When I talk to SMB companies about their use of public cloud services, it’s a no-brainer. Pay as you go, lower costs upfront, quick time-to-market. With private and public cloud solutions, both big and small companies benefit.
So what about big data platforms? Is there an equivalent opportunity, or is Big Data only suited for Big Companies with Big Problems?
I think Big Data applies to all, and here’s why.
OLTP & DSS Era
When I first started working on Teradata’s next-generation switch fabric, the BYNET, back in the early 90′s, Teradata was around $250M in revenue (now over $2B). The concept of decision support systems (DSS) evolved into data warehousing and grew to become the largest pool of enterprise data (Big Data) for those enterprises who had a large enough business to create meaningful amounts of data, and who had the money to invest in their data infrastructure.
Operational systems, known as online transaction processing systems (OLTP), were built on top of smaller data infrastructure powering transaction-oriented applications. Oracle owns this space much like Teradata owns the data warehousing space. Unlike the DSS/Data warehouse space, smaller companies benefited from the use of these operational systems, much like their larger competition.
Analytic Appliance Era
Then enters the era of analytic appliances. In the mid-1990′s I became involved in an effort to lead in-database analytics (powering further innovations in OLAP and Data Mining). With the vision of pushing the analysis of the data closer to the data itself, many followed suit and companies like Netezza, Greenplum, ParAccel, AsterData, Kickfire, Vertica, and others entered the market, addressing the need to provide rapid analysis of data volumes scaling into petabytes. The key words here are “rapid” (or real-time), “analysis” (or analytics), and “petabytes” (big data).
Why didn’t the incumbents like Teradata and Oracle sieze the opportunity here? Lots of reasons…politics, the inability to respond quickly to changing market dynamics, etc.
Big Data Era
A number of things led to the creation/adoption of the Hadoop/MapReduce framework – one of those including the need to have a frictionless data playground where data scientists could simple investigate…discover.
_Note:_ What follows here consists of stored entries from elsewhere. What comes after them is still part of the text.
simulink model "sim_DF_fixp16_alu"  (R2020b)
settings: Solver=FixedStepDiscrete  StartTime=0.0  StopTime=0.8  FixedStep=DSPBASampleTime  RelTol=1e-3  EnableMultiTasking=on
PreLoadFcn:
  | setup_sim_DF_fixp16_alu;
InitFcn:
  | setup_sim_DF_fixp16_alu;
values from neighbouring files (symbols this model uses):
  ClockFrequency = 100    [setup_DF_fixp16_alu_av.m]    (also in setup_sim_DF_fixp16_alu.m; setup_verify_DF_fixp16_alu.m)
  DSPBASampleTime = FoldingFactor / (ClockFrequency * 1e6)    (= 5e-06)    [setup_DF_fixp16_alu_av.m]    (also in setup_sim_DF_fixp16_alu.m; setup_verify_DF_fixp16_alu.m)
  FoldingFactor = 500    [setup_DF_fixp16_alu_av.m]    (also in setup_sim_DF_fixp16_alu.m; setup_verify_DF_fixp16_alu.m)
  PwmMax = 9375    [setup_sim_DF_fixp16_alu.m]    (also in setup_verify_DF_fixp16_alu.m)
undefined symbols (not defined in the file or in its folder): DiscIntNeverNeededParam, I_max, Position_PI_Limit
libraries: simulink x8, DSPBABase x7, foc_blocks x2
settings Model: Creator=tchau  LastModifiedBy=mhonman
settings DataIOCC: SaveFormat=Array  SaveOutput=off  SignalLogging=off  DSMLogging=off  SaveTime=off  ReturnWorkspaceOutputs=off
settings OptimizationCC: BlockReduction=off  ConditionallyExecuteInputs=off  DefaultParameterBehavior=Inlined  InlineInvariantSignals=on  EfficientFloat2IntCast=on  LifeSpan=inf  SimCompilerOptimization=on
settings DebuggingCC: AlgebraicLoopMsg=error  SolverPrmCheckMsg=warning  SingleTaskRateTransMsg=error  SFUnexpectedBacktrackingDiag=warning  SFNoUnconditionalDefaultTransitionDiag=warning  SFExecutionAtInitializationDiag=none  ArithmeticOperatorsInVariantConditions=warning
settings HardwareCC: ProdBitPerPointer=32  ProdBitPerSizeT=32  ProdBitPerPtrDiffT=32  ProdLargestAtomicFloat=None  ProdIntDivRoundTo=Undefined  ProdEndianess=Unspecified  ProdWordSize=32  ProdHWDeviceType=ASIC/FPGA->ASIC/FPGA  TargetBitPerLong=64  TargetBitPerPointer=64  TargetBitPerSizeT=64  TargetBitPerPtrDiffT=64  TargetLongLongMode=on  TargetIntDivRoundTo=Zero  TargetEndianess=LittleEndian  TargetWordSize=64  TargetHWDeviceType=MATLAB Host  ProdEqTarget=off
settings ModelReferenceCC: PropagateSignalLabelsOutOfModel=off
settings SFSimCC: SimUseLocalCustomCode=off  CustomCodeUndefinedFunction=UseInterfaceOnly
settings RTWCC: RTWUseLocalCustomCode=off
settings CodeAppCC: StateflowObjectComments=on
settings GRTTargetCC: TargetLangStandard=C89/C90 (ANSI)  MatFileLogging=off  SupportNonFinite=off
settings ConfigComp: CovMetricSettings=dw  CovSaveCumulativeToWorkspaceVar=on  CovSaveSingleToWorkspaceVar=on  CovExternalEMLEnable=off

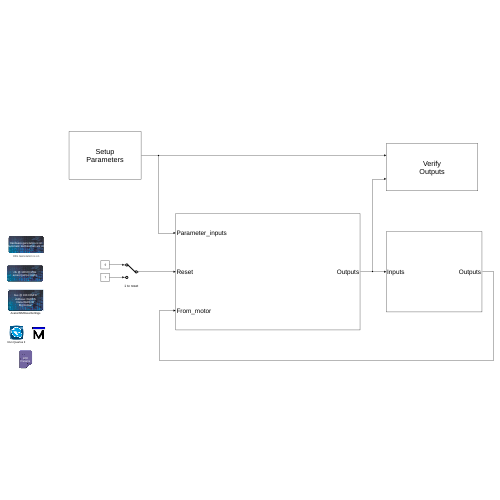
[thumbnail: Simulink's stored preview of the top-level diagram]
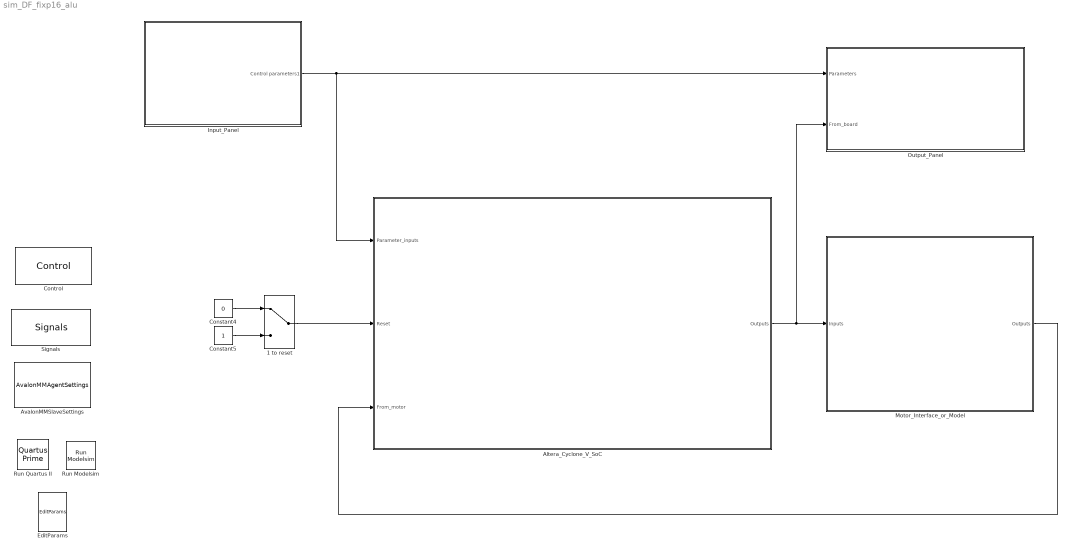
== system sim_DF_fixp16_alu ==
  1 to reset : ManualSwitch
  Altera_Cyclone_V_SoC : Subsystem
  AvalonMMSlaveSettings : DSPBABase/AvalonMMAgentSettings
  Constant4 : Constant  Value=0  OutDataTypeStr=boolean
  Constant5 : Constant  OutDataTypeStr=boolean
  Control : DSPBABase/Control  generate=on  language=VHDL  destination=./rtlmax10  destination_gui=./rtlmax10  make_full_path=off  path_is_relative=on  autotestbench=on  signaldepth=2  coveragetestbench=off  logs=off  spacewidth=2  spacenum=1  addrwidth=6  datawidth=32  dataendian=Big Endian  hierarchicalnames=off  ramThresholdBits=-1  distRamThresholdBits=-1  mlabThresholdBits=-1  hardMultiplierThresholdLuts=-1  version=20090407  errorOnChanMismatch=1  errorOnGPIOMismatch=0  importModelsimResults=0  cycleAccurate=off  reinterpretCastMult=off  paramFile=osim_DF_fixp16_alu_params.xml
      settings: AttributesFormatString=HDL Generation is %<generate>
  EditParams : DSPBABase/EditParams  version=20090407
  Input_Panel : Subsystem
      mask Display: fprintf('Setup\nParameters')
  Motor_Interface_or_Model : Subsystem
  Output_Panel : Subsystem
      mask Display: fprintf('Verify\nOutputs')
  Run Modelsim : DSPBABase/Run Modelsim  version=20090407
  Run Quartus II : DSPBABase/Quartus Prime  version=20090407
  Signals : DSPBABase/Signals  clk=clk  freq=ClockFrequency  margin=0  rst=areset  rstactive=High  bus=bus  enbusclock=off  busfreq=100  bussync=on  version=20090407
  wires:
  Input_Panel/1(Control parameters1) -> Altera_Cyclone_V_SoC/1(Parameter_inputs), Output_Panel/1(Parameters)
  Constant4/1 -> 1 to reset/1
  Constant5/1 -> 1 to reset/2
  1 to reset/1 -> Altera_Cyclone_V_SoC/2(Reset)
  Altera_Cyclone_V_SoC/1(Outputs) -> Motor_Interface_or_Model/1(Inputs), Output_Panel/2(From_board)
  Motor_Interface_or_Model/1(Outputs) -> Altera_Cyclone_V_SoC/3(From_motor)

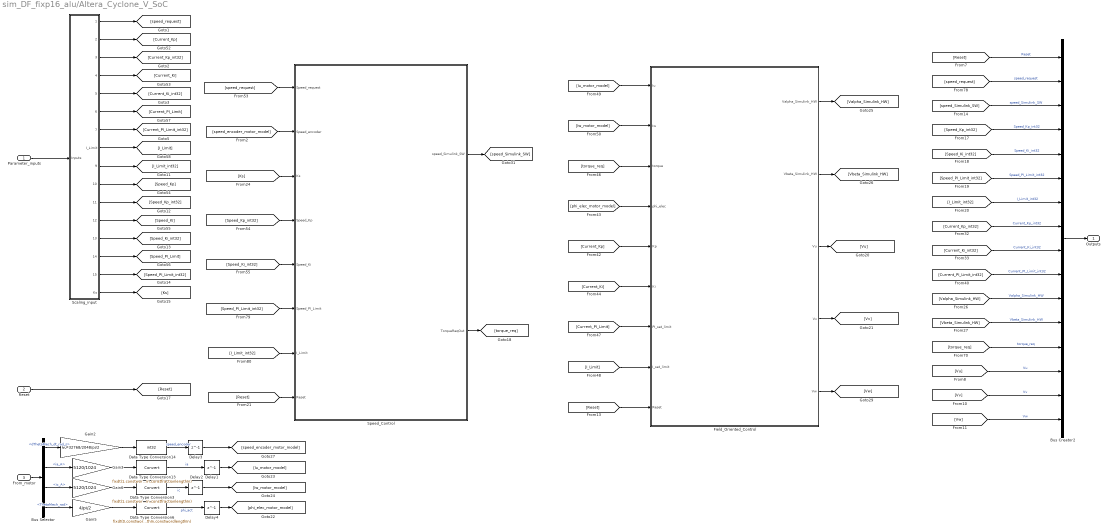
== system sim_DF_fixp16_alu/Altera_Cyclone_V_SoC ==
  Parameter_inputs : Inport
  Reset : Inport  Port=2  PortDimensions=1
  From_motor : Inport  Port=3
  Bus Creator2 : BusCreator  Inputs=16
  Bus Selector : BusSelector  OutputSignals=dThetaMech_dt_rad_s,ia_A,ic_A,ThetaMech_rad
  Data Type Conversion13 : DataTypeConversion  OutDataTypeStr=fixdt(1,constwordlengthIn,constfractionlengthIn)
  Data Type Conversion14 : DataTypeConversion  OutDataTypeStr=int32
  Data Type Conversion3 : DataTypeConversion  OutDataTypeStr=fixdt(1,constwordlengthIn,constfractionlengthIn)
  Data Type Conversion6 : DataTypeConversion  OutDataTypeStr=fixdt(0,constwordlengthIn,constwordlengthIn)
  Delay{1..4} (4 alike) : Delay  DelayLength=1  InitialCondition=0
  Field_Oriented_Control : Subsystem
      mask Display: fprintf('Field-Oriented\nControl')
  Gain2 : Gain  Gain=60*32768/2048/pi/2  OutDataTypeStr=single
  Gain3 : Gain  Gain=5120/1024  OutDataTypeStr=single
  Gain5 : Gain  Gain=4/pi/2  OutDataTypeStr=single
  Gain6 : Gain  Gain=5120/1024  OutDataTypeStr=single
  Scaling_input : Subsystem
  Speed_Control : Subsystem
      mask Display: fprintf('Speed\nControl')
  Outputs : Outport
  wires:
  Speed_Control/2(TorqueReqOut) -> [torque_req]
  Speed_Control/1(speed_Simulink_SW) -> [speed_Simulink_SW]
  [Reset] -> Speed_Control/8(Reset)
  [Ks] -> Speed_Control/3(Ks)
  [speed_Simulink_SW] -> Bus Creator2/3  "speed_Simulink_SW"
  Reset/1 -> [Reset]
  [speed_request] -> Bus Creator2/2  "speed_request"
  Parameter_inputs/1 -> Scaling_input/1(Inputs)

Given birth by the large-scale early adopters such as Google and Yahoo!, Hadoop /MR is now well-positioned to address the needs of medium and small-sized companies.
I argue that we will see the following evolution of Big Data technologies which originated from the large web-scale companies like Yahoo!, Linkedin, Twitter, and the like:
- Hardening of the Hadoop ecosystem
- Broad integration with existing toolsets (e.g. BI)
- Real-time enablement
- Further cloud-enablement
- Clear application use-cases / offerings across verticals
This is an obvious exaggeration to emphasize my point that we may see a shift of dollars to new emerging players. But more importantly, the pie will grow to include the creation of new data infrastructure market share for SMBs due to the innovations in the Big Data space.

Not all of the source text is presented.